Acute Local Metabolomic Alterations in Blood and Muscle Tissue in Intermittent Claudication

University of Tartu40 enrolled

Overview

The most common clinical presentation of lower extremity arterial disease is intermittent claudication. Current understanding of the pathophysiology of intermittent claudication, as well as its treatment options are limited. The progression of the disease may lead to lower limb amputation, which is devastating for patients' quality of life and is a huge socio-economic burden to society. Current study allows to determine the acute local metabolomic alterations in the ischaemic limb of the patient with intermittent claudication, and investigate the associations between the metabolomic alterations and the patient's maximal walking distance.

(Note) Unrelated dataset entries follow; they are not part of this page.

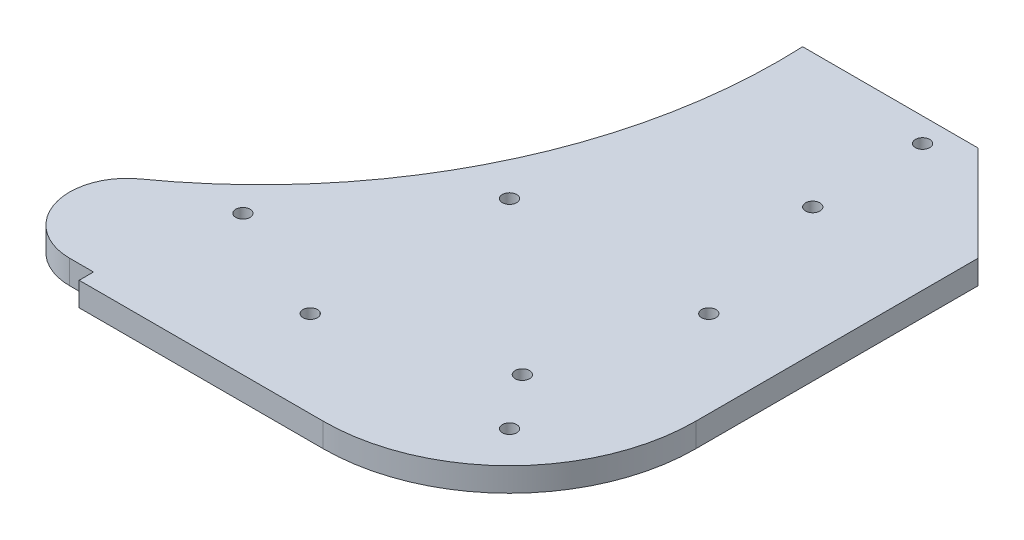
from build123d import *

# Parameters (mm, degrees)
BOSS_EXTRU_1_DEPTH      = 5
ESQUISSE2_R             = 1.5
ENL_V_MAT_EXTRU_1_DEPTH = 105.483064759
ESQUISSE3_R             = 1.5
ENL_V_MAT_EXTRU_2_DEPTH = 105.483064759


with BuildPart() as part:
    # Esquisse1 → Boss.-Extru.1 (new body)
    with BuildSketch(Plane(origin=(0, 0, 0), x_dir=(1, 0, 0), z_dir=(0, 1, 0))):
        with BuildLine():
            Line((-51.1, -39), (0, -39))
            ThreePointArc((0, -39), (27.577164466, -27.577164466), (39, 0))
            Line((39, 0), (39, 59.082873123))
            Line((39, 59.082873123), (19, 79.082873123))
            Line((19, 79.082873123), (-17.715268603, 79.082873123))
            ThreePointArc((-17.715268603, 79.082873123), (-28.51615758, 26.652464115), (-63.070954357, -14.232410975))
            ThreePointArc((-63.070954357, -14.232410975), (-67.528277829, -27.659845058), (-56.1, -36))
            Line((-56.1, -36), (-51.1, -36))
            Line((-51.1, -36), (-51.1, -39))
        make_face()
    extrude(amount=BOSS_EXTRU_1_DEPTH)

    # Esquisse2 → Enlèv. mat.-Extru.1 (cut, through all)
    with BuildSketch(Plane.XZ):
        with Locations((20.859650045, 20.859650045)):
            Circle(ESQUISSE2_R)
        with Locations((20.859650045, -20.859650045)):
            Circle(ESQUISSE2_R)
        with Locations((-20.859650045, -20.859650045)):
            Circle(ESQUISSE2_R)
        with Locations((-20.859650045, 20.859650045)):
            Circle(ESQUISSE2_R)
        with Locations((12.4, -74.082873123)):
            Circle(ESQUISSE2_R)
        with Locations((12.4, 9.717126877)):
            Circle(ESQUISSE2_R)
    extrude(amount=-ENL_V_MAT_EXTRU_1_DEPTH, mode=Mode.SUBTRACT)

    # Esquisse3 → Enlèv. mat.-Extru.2 (cut, through all)
    with BuildSketch(Plane(origin=(0, 5, 0), x_dir=(1, 0, 0), z_dir=(0, 1, 0))):
        with Locations((12.4, 51.082873123)):
            Circle(ESQUISSE3_R)
        with Locations((-46.1, -9.717126877)):
            Circle(ESQUISSE3_R)
    extrude(amount=-ENL_V_MAT_EXTRU_2_DEPTH, mode=Mode.SUBTRACT)


solid = part.part
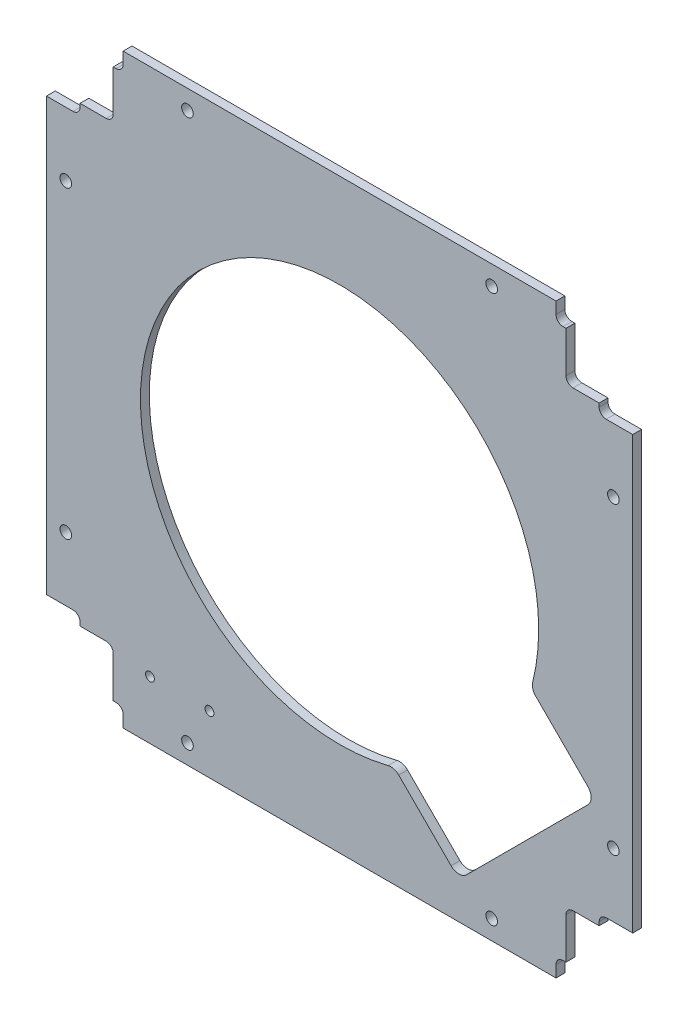
from build123d import *

# Parameters (mm, degrees)
SKETCH1_W                 = 106
SKETCH1_H                 = 106
MAINOUTLINE_DEPTH         = 1.6
SKETCH4_W                 = 11.7
SKETCH4_H                 = 11.7
RAILCUTOUTS_DEPTH         = 75.970394157
SKETCH13_W                = 5.7
SKETCH13_H                = 1.9
SKETCH13_W_2              = 1.8
SKETCH13_H_2              = 3
FILLETCUTOUTS_DEPTH       = 75.970394157
SMOOTHCORNER_DEPTH        = 10
MIRROR2_COPY_1_SKETCH_W   = 11.7
MIRROR2_COPY_1_SKETCH_H   = 11.7
MIRROR2_COPY_1_DEPTH      = 75.970394157
MIRROR2_COPY_2_SKETCH_W   = 5.7
MIRROR2_COPY_2_SKETCH_H   = 1.9
MIRROR2_COPY_2_SKETCH_W_2 = 1.8
MIRROR2_COPY_2_SKETCH_H_2 = 3
MIRROR2_COPY_2_DEPTH      = 75.970394157
MIRROR2_COPY_3_DEPTH      = 10
MIRROR2_COPY_4_SKETCH_W   = 11.7
MIRROR2_COPY_4_SKETCH_H   = 11.7
MIRROR2_COPY_4_DEPTH      = 75.970394157
MIRROR2_COPY_5_SKETCH_W   = 5.7
MIRROR2_COPY_5_SKETCH_H   = 1.9
MIRROR2_COPY_5_SKETCH_W_2 = 1.8
MIRROR2_COPY_5_SKETCH_H_2 = 3
MIRROR2_COPY_5_DEPTH      = 75.970394157
MIRROR2_COPY_6_DEPTH      = 10
M2_CLEARANCE_HOLE1_D      = 2.1
SKETCH15_W                = 90
SKETCH15_H                = 6.2
SKETCH15_W_2              = 5.2
SKETCH15_H_2              = 90
CUT_EXTRUDE5_DEPTH        = 0.001
CUT_EXTRUDE2_DEPTH        = 75.970394157
CUT_EXTRUDE2_DEPTH_BACK   = 75.970394157
SKETCH11_R                = 36
CUT_EXTRUDE7_DEPTH        = 10
FILLET11_R                = 2
SKETCH29_R                = 0.8
CONNECTOR_LOCATION_DEPTH  = 10


with BuildPart() as part:
    # Sketch1 → mainOutline (new body)
    with BuildSketch(Plane.XY):
        Rectangle(SKETCH1_W, SKETCH1_H)
    extrude(amount=MAINOUTLINE_DEPTH)

    # Sketch4 → railCutouts (cut, through all)
    with BuildSketch(Plane(origin=(0, 0, 0), x_dir=(-1, 0, 0), z_dir=(0, 0, -1))):
        with Locations((47.15, 47.15)):
            Rectangle(SKETCH4_W, SKETCH4_H)
    railcutouts = extrude(amount=-RAILCUTOUTS_DEPTH, mode=Mode.SUBTRACT)

    # Sketch13 → filletCutouts (cut, symmetric)
    with BuildSketch(Plane(origin=(0, 0, 0), x_dir=(-1, 0, 0), z_dir=(0, 0, -1))):
        with Locations((50.15, 40.35)):
            Rectangle(SKETCH13_W, SKETCH13_H)
        with Locations((40.4, 51.5)):
            Rectangle(SKETCH13_W_2, SKETCH13_H_2)
    filletcutouts = extrude(amount=FILLETCUTOUTS_DEPTH, both=True, mode=Mode.SUBTRACT)

    # Sketch27 → smoothCorner (cut)
    with BuildSketch(Plane.XY.offset(1.6)):
        with BuildLine():
            Line((-40.928025612, 42.198025612), (-40.928025612, 49.628025612))
            Line((-40.928025612, 49.628025612), (-40.398025612, 49.628025612))
            ThreePointArc((-40.398025612, 49.628025612), (-39.5, 50), (-39.128025612, 50.898025612))
            Line((-39.128025612, 50.898025612), (-39.128025612, 53))
            Line((-39.128025612, 53), (-53, 53))
            Line((-53, 53), (-53, 39.028025612))
            Line((-53, 39.028025612), (-48.198025612, 39.028025612))
            ThreePointArc((-48.198025612, 39.028025612), (-47.3, 39.4), (-46.928025612, 40.298025612))
            Line((-46.928025612, 40.298025612), (-46.928025612, 40.928025612))
            Line((-46.928025612, 40.928025612), (-42.198025612, 40.928025612))
            ThreePointArc((-42.198025612, 40.928025612), (-41.3, 41.3), (-40.928025612, 42.198025612))
        make_face()
    smoothcorner = extrude(amount=-SMOOTHCORNER_DEPTH, mode=Mode.SUBTRACT)

    # Mirror1: railCutouts, filletCutouts, smoothCorner across plane
    add(railcutouts.mirror(Plane(origin=(0, 0, 0), x_dir=(0, 0, 1), z_dir=(1, 0, 0))), mode=Mode.SUBTRACT)
    add(filletcutouts.mirror(Plane(origin=(0, 0, 0), x_dir=(0, 0, 1), z_dir=(1, 0, 0))), mode=Mode.SUBTRACT)
    add(smoothcorner.mirror(Plane(origin=(0, 0, 0), x_dir=(0, 0, 1), z_dir=(1, 0, 0))), mode=Mode.SUBTRACT)

    # Mirror2 copy 1 sketch → Mirror2 copy 1 (cut, through all)
    with BuildSketch(Plane(origin=(0, 0, 0), x_dir=(1, 0, 0), z_dir=(0, 0, -1))):
        with Locations((47.15, 47.15)):
            Rectangle(MIRROR2_COPY_1_SKETCH_W, MIRROR2_COPY_1_SKETCH_H)
    extrude(amount=-MIRROR2_COPY_1_DEPTH, mode=Mode.SUBTRACT)

    # Mirror2 copy 2 sketch → Mirror2 copy 2 (cut, symmetric)
    with BuildSketch(Plane(origin=(0, 0, 0), x_dir=(1, 0, 0), z_dir=(0, 0, -1))):
        with Locations((50.15, 40.35)):
            Rectangle(MIRROR2_COPY_2_SKETCH_W, MIRROR2_COPY_2_SKETCH_H)
        with Locations((40.4, 51.5)):
            Rectangle(MIRROR2_COPY_2_SKETCH_W_2, MIRROR2_COPY_2_SKETCH_H_2)
    extrude(amount=MIRROR2_COPY_2_DEPTH, both=True, mode=Mode.SUBTRACT)

    # Mirror2 copy 3 sketch → Mirror2 copy 3 (cut)
    with BuildSketch(Plane(origin=(0, 0, 1.6), x_dir=(-1, 0, 0), z_dir=(0, 0, 1))):
        with BuildLine():
            Line((-40.928025612, 42.198025612), (-40.928025612, 49.628025612))
            Line((-40.928025612, 49.628025612), (-40.398025612, 49.628025612))
            ThreePointArc((-40.398025612, 49.628025612), (-39.5, 50), (-39.128025612, 50.898025612))
            Line((-39.128025612, 50.898025612), (-39.128025612, 53))
            Line((-39.128025612, 53), (-53, 53))
            Line((-53, 53), (-53, 39.028025612))
            Line((-53, 39.028025612), (-48.198025612, 39.028025612))
            ThreePointArc((-48.198025612, 39.028025612), (-47.3, 39.4), (-46.928025612, 40.298025612))
            Line((-46.928025612, 40.298025612), (-46.928025612, 40.928025612))
            Line((-46.928025612, 40.928025612), (-42.198025612, 40.928025612))
            ThreePointArc((-42.198025612, 40.928025612), (-41.3, 41.3), (-40.928025612, 42.198025612))
        make_face()
    extrude(amount=-MIRROR2_COPY_3_DEPTH, mode=Mode.SUBTRACT)

    # Mirror2 copy 4 sketch → Mirror2 copy 4 (cut, through all)
    with BuildSketch(Plane(origin=(0, 0, 0), x_dir=(-1, 0, 0), z_dir=(0, 0, -1))):
        with Locations((47.15, -47.15)):
            Rectangle(MIRROR2_COPY_4_SKETCH_W, MIRROR2_COPY_4_SKETCH_H)
    extrude(amount=-MIRROR2_COPY_4_DEPTH, mode=Mode.SUBTRACT)

    # Mirror2 copy 5 sketch → Mirror2 copy 5 (cut, symmetric)
    with BuildSketch(Plane(origin=(0, 0, 0), x_dir=(-1, 0, 0), z_dir=(0, 0, -1))):
        with Locations((50.15, -40.35)):
            Rectangle(MIRROR2_COPY_5_SKETCH_W, MIRROR2_COPY_5_SKETCH_H)
        with Locations((40.4, -51.5)):
            Rectangle(MIRROR2_COPY_5_SKETCH_W_2, MIRROR2_COPY_5_SKETCH_H_2)
    extrude(amount=MIRROR2_COPY_5_DEPTH, both=True, mode=Mode.SUBTRACT)

    # Mirror2 copy 6 sketch → Mirror2 copy 6 (cut)
    with BuildSketch(Plane.XY.offset(1.6)):
        with BuildLine():
            Line((-40.928025612, -42.198025612), (-40.928025612, -49.628025612))
            Line((-40.928025612, -49.628025612), (-40.398025612, -49.628025612))
            ThreePointArc((-40.398025612, -49.628025612), (-39.5, -50), (-39.128025612, -50.898025612))
            Line((-39.128025612, -50.898025612), (-39.128025612, -53))
            Line((-39.128025612, -53), (-53, -53))
            Line((-53, -53), (-53, -39.028025612))
            Line((-53, -39.028025612), (-48.198025612, -39.028025612))
            ThreePointArc((-48.198025612, -39.028025612), (-47.3, -39.4), (-46.928025612, -40.298025612))
            Line((-46.928025612, -40.298025612), (-46.928025612, -40.928025612))
            Line((-46.928025612, -40.928025612), (-42.198025612, -40.928025612))
            ThreePointArc((-42.198025612, -40.928025612), (-41.3, -41.3), (-40.928025612, -42.198025612))
        make_face()
    extrude(amount=-MIRROR2_COPY_6_DEPTH, mode=Mode.SUBTRACT)

    # M2 Clearance Hole1 (through all)
    with Locations(Plane(origin=(0, 0, 0), x_dir=(-1, 0, 0), z_dir=(0, 0, -1))):
        with Locations((49.5, -27.5), (27.5, -49.5), (-49.5, -27.5), (-27.5, -49.5), (-27.5, 49.5), (-49.5, 27.5), (27.5, 49.5), (49.5, 27.5)):
            Hole(M2_CLEARANCE_HOLE1_D / 2)

    # Sketch15 → Cut-Extrude5 (cut)
    with BuildSketch(Plane(origin=(0, 0, 0), x_dir=(-1, 0, 0), z_dir=(0, 0, -1))):
        with Locations((0, 49.9)):
            Rectangle(SKETCH15_W, SKETCH15_H)
        with Locations((0, -49.9)):
            Rectangle(SKETCH15_W, SKETCH15_H)
        with Locations((-50.4, 0)):
            Rectangle(SKETCH15_W_2, SKETCH15_H_2)
        with Locations((50.4, 0)):
            Rectangle(SKETCH15_W_2, SKETCH15_H_2)
    extrude(amount=-CUT_EXTRUDE5_DEPTH, mode=Mode.SUBTRACT)

    # Sketch11 → Cut-Extrude2 (cut, two sides: drawn at the far end of the back side and taken through both)
    with BuildSketch(Plane(origin=(0, 0, 0), x_dir=(-1, 0, 0), z_dir=(0, 0, -1)).offset(-CUT_EXTRUDE2_DEPTH_BACK)):
        Circle(SKETCH11_R)
    extrude(amount=CUT_EXTRUDE2_DEPTH + CUT_EXTRUDE2_DEPTH_BACK, mode=Mode.SUBTRACT)

    # Sketch28 → Cut-Extrude7 (cut)
    with BuildSketch(Plane(origin=(0, 0, 0), x_dir=(-1, 0, 0), z_dir=(0, 0, -1))):
        Polygon((-12.374368671, 12.374368671), (-46.315494168, -21.566756826), (-21.566756826, -46.315494168), (12.374368671, -12.374368671), align=None)
    extrude(amount=-CUT_EXTRUDE7_DEPTH, mode=Mode.SUBTRACT)

    # Fillet11
    fillet11_edges = [part.edges().sort_by_distance(p)[0] for p in [
        (21.566756826, -46.315494168, 0.8),
        (9.871417447, -34.620154789, 0.8),
        (34.620154789, -9.871417447, 0.8),
        (46.315494168, -21.566756826, 0.8),
    ]]
    fillet(fillet11_edges, radius=FILLET11_R)

    # Sketch29 → Connector Location (cut)
    with BuildSketch(Plane(origin=(0, 0, 0), x_dir=(-1, 0, 0), z_dir=(0, 0, -1))):
        with Locations((34.285, -42.5)):
            Circle(SKETCH29_R)
        with Locations((23.515, -42.5)):
            Circle(SKETCH29_R)
    extrude(amount=-CONNECTOR_LOCATION_DEPTH, mode=Mode.SUBTRACT)


solid = part.part
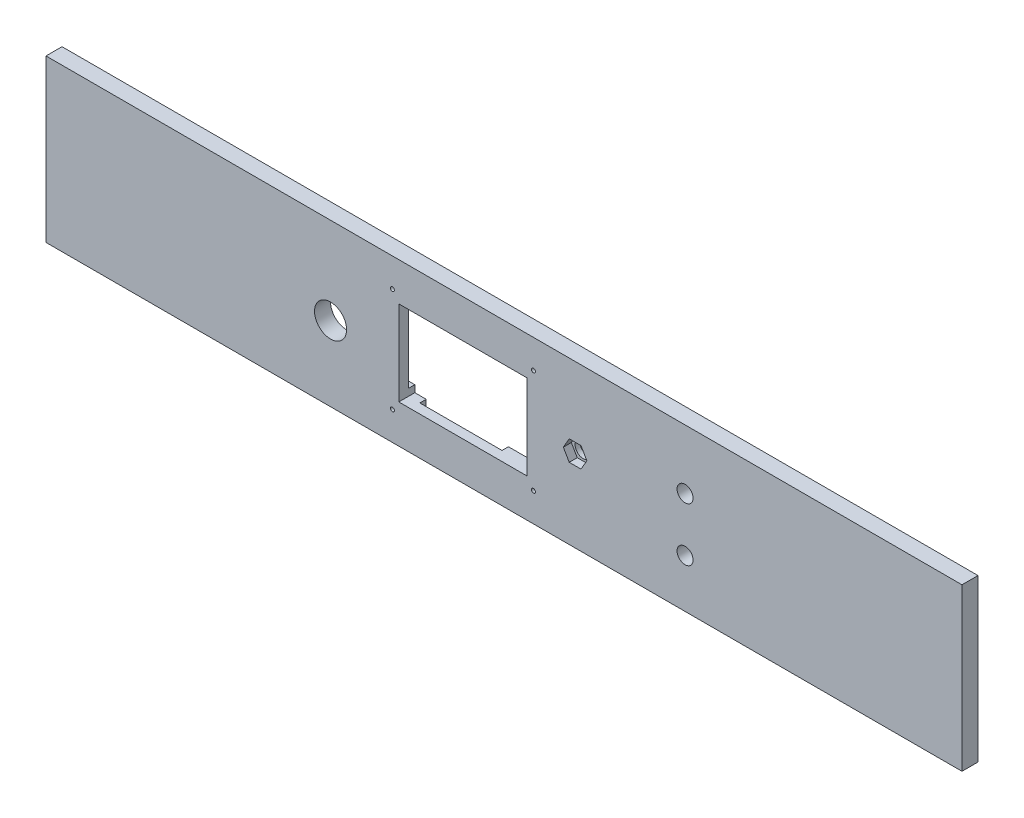
from build123d import *

# Parameters (mm, degrees)
SKETCH1_W                   = 571.5
SKETCH1_H                   = 100.8
BOSS_EXTRUDE1_DEPTH         = 5
SKETCH2_W                   = 80
SKETCH2_H                   = 53
CUT_EXTRUDE1_DEPTH          = 581.407520627
CUT_EXTRUDE2_DEPTH          = 4
SKETCH4_R                   = 7.5
CUT_EXTRUDE3_DEPTH          = 2
SKETCH5_R                   = 5
CUT_EXTRUDE4_DEPTH          = 581.376507106
CUT_EXTRUDE5_DEPTH          = 5
TAP_DRILL_FOR_M3X0_5_TAP1_D = 2.5
SKETCH9_R                   = 10
SKETCH9_R_2                 = 5
POWER_AND_USB_CABLES_DEPTH  = 581.407520627


with BuildPart() as part:
    # Sketch1 → Boss-Extrude1 (new, symmetric)
    with BuildSketch(Plane.XY):
        with Locations((285.75, 50.4)):
            Rectangle(SKETCH1_W, SKETCH1_H)
    extrude(amount=BOSS_EXTRUDE1_DEPTH, both=True)

    # Sketch2 → Cut-Extrude1 (cut, through all)
    with BuildSketch(Plane(origin=(0, 0, -5), x_dir=(-1, 0, 0), z_dir=(0, 0, -1))):
        with Locations((-260.123617772, 50.4)):
            Rectangle(SKETCH2_W, SKETCH2_H)
    extrude(amount=-CUT_EXTRUDE1_DEPTH, mode=Mode.SUBTRACT)

    # Sketch3 → Cut-Extrude2 (cut)
    with BuildSketch(Plane(origin=(0, 0, -5), x_dir=(-1, 0, 0), z_dir=(0, 0, -1))):
        Polygon((-300.123617772, 23.9), (-278.523617772, 23.9), (-278.523617772, 15.4), (-227.223617772, 15.4), (-227.223617772, 23.9), (-220.123617772, 23.9), (-220.123617772, 28.229247098), (-213.623617772, 28.229247098), (-213.623617772, 72.570752902), (-220.123617772, 72.570752902), (-220.123617772, 76.9), (-300.123617772, 76.9), align=None)
    extrude(amount=-CUT_EXTRUDE2_DEPTH, mode=Mode.SUBTRACT)

    # Sketch4 → Cut-Extrude3 (cut)
    with BuildSketch(Plane(origin=(0, 0, -5), x_dir=(-1, 0, 0), z_dir=(0, 0, -1))):
        with Locations((-330.123617772, 50.8)):
            Circle(SKETCH4_R)
    extrude(amount=-CUT_EXTRUDE3_DEPTH, mode=Mode.SUBTRACT)

    # Sketch5 → Cut-Extrude4 (cut, through all)
    with BuildSketch(Plane(origin=(0, 0, -3), x_dir=(-1, 0, 0), z_dir=(0, 0, -1))):
        with Locations((-330.123617772, 50.8)):
            Circle(SKETCH5_R)
    extrude(amount=-CUT_EXTRUDE4_DEPTH, mode=Mode.SUBTRACT)

    # Sketch6 → Cut-Extrude5 (cut)
    with BuildSketch(Plane.XY.offset(5)):
        Polygon((337.467513196, 50.8), (333.795565484, 57.16), (326.45167006, 57.16), (322.779722348, 50.8), (326.45167006, 44.44), (333.795565484, 44.44), align=None)
    extrude(amount=-CUT_EXTRUDE5_DEPTH, mode=Mode.SUBTRACT)

    # Tap Drill for M3x0.5 Tap1 (through all)
    with Locations(Plane(origin=(0, 0, -5), x_dir=(-1, 0, 0), z_dir=(0, 0, -1))):
        with Locations((-304.123617772, 82.9), (-304.123617772, 17.9), (-216.123617772, 17.9), (-216.123617772, 82.9)):
            Hole(TAP_DRILL_FOR_M3X0_5_TAP1_D / 2)

    # Sketch9 → power and usb cables (cut, through all)
    with BuildSketch(Plane.XY.offset(5)):
        with Locations((177.536724471, 46.600039321)):
            Circle(SKETCH9_R)
        with Locations((398.740788678, 63.702792605)):
            Circle(SKETCH9_R_2)
        with Locations((398.740788678, 30.252024765)):
            Circle(SKETCH9_R_2)
    extrude(amount=-POWER_AND_USB_CABLES_DEPTH, mode=Mode.SUBTRACT)


solid = part.part

This provides potentially valuable insight into the pathophysiology of this disease, and helps lay the groundwork for identifying potential novel targets for instituting more effective therapies for this high-risk population.

Study Type

OBSERVATIONAL

Enrollment

Conditions

Peripheral Arterial Occlusive Disease Fontaine Stage IIa

Eligibility

Sex: ALLMin age: 18 YearsMax age: 80 YearsHealthy volunteers:

Medical Language ↔ Plain English

Inclusion Criteria: * LEAD group: Patients with diagnosis of lower extremity arterial disease (Fontaine IIa). * Control group: Healthy volunteers with no leg symptoms and an ankle-brachial index (ABI) of 1.0-1.4. Exclusion Criteria: * Fontaine stages I or IIb-IV * Exacerbation of limb ischaemia within the preceding 2 weeks; * strong rest pain of any cause; * age \<18 or \>80 years; * fasting \< 6 hours; * time since last use of tobacco products \< 6 hours; * body mass index ≥ 35 kg/m2 * poor sonographic visibility of femoral artery; * angina; * cardiac arrhythmia at the time of presentation; * presence of cardiac pacemaker; * myocardial infarction within the preceding 3 months; * stroke within the preceding 6 months; * ongoing anticoagulant therapy; * ongoing dual antiplatelet therapy; * any revascularization within the preceding 3 month; * marked heart failure (NYHA III-IV); * blood pressure ≥ 180/110 mmHg; * blood pressure \<100/70 mmHg; * clinically significant heart valve disease; * acute infectious disease; * active malignancy or chemotherapy or disease-free \< 5 years; * type I diabetes or insulin therapy; * other clinically significant and untreated endocrine disorders; * moderate to severe bronchial asthma (GINA 2016); * severe chronic obstructive pulmonary disease (mMRC grade 3-4); * acute (KDIGO 2012) or chronic renal disease (eGFR-EPI \<30mL/min/1.73 m2); * acute or chronic liver disease; * anemia (\<110 g/L); * neuroinflammatory or neurodegenerative disease; * active rheumatism; * other diseases and factors that markedly hinder the subject's ability to walk during the treadmill exercise. * For control group exclusively: history of lower extremity arterial disease / ABI \<1.0 or \>1.4.

Outcomes

Primary Outcomes

Change in local metabolomic profile after treadmill exercise as reflected by arteriovenous gradients of low-molecular metabolites.

Measured using liquid chromatography combined with mass spectrometry (AbsoluteIDQ MxP Quant 500 Kit, BIOCRATES Life Sciences AG, Austria).

Time frame: Blood sampling at two points in time: Baseline (Day 1) & 10-15 minutes after treadmill test (Day 2).

Change in local inflammatory profile after treadmill exercise as reflected by arteriovenous gradients of inflammatory mediators (IL-6, MPO, SOD, NOX isoform 1, NOX isoform 2, NOX isoform 5, nitrotyrosine, 8-iso-PGF2α).

Measured using enzyme linked immunosorbent assay. Measurement unit: ng/mL.

Time frame: Blood sampling at two points in time: Baseline (Day 1) & 10-15 minutes after treadmill test (Day 2).

Secondary Outcomes

Change in local metabolomic profile after treadmill exercise as reflected by absolute concentrations of low-molecular metabolites in muscle biopsy.

Measured using liquid chromatography combined with mass spectrometry (AbsoluteIDQ MxP Quant 500 Kit, BIOCRATES Life Sciences AG, Austria).

Time frame: Biopsy at two points in time: Baseline (Day 1) & 15-20 minutes after treadmill test (Day 2).

Correlations between maximal walking distance and exercise-induced changes in local metabolomic and inflammatory profiles.

Time frame: Data analysis after the enrollment period.

Correlations between baseline arterial functionality/hemodynamic parameters and exercise-induced changes in local metabolomic and inflammatory profiles.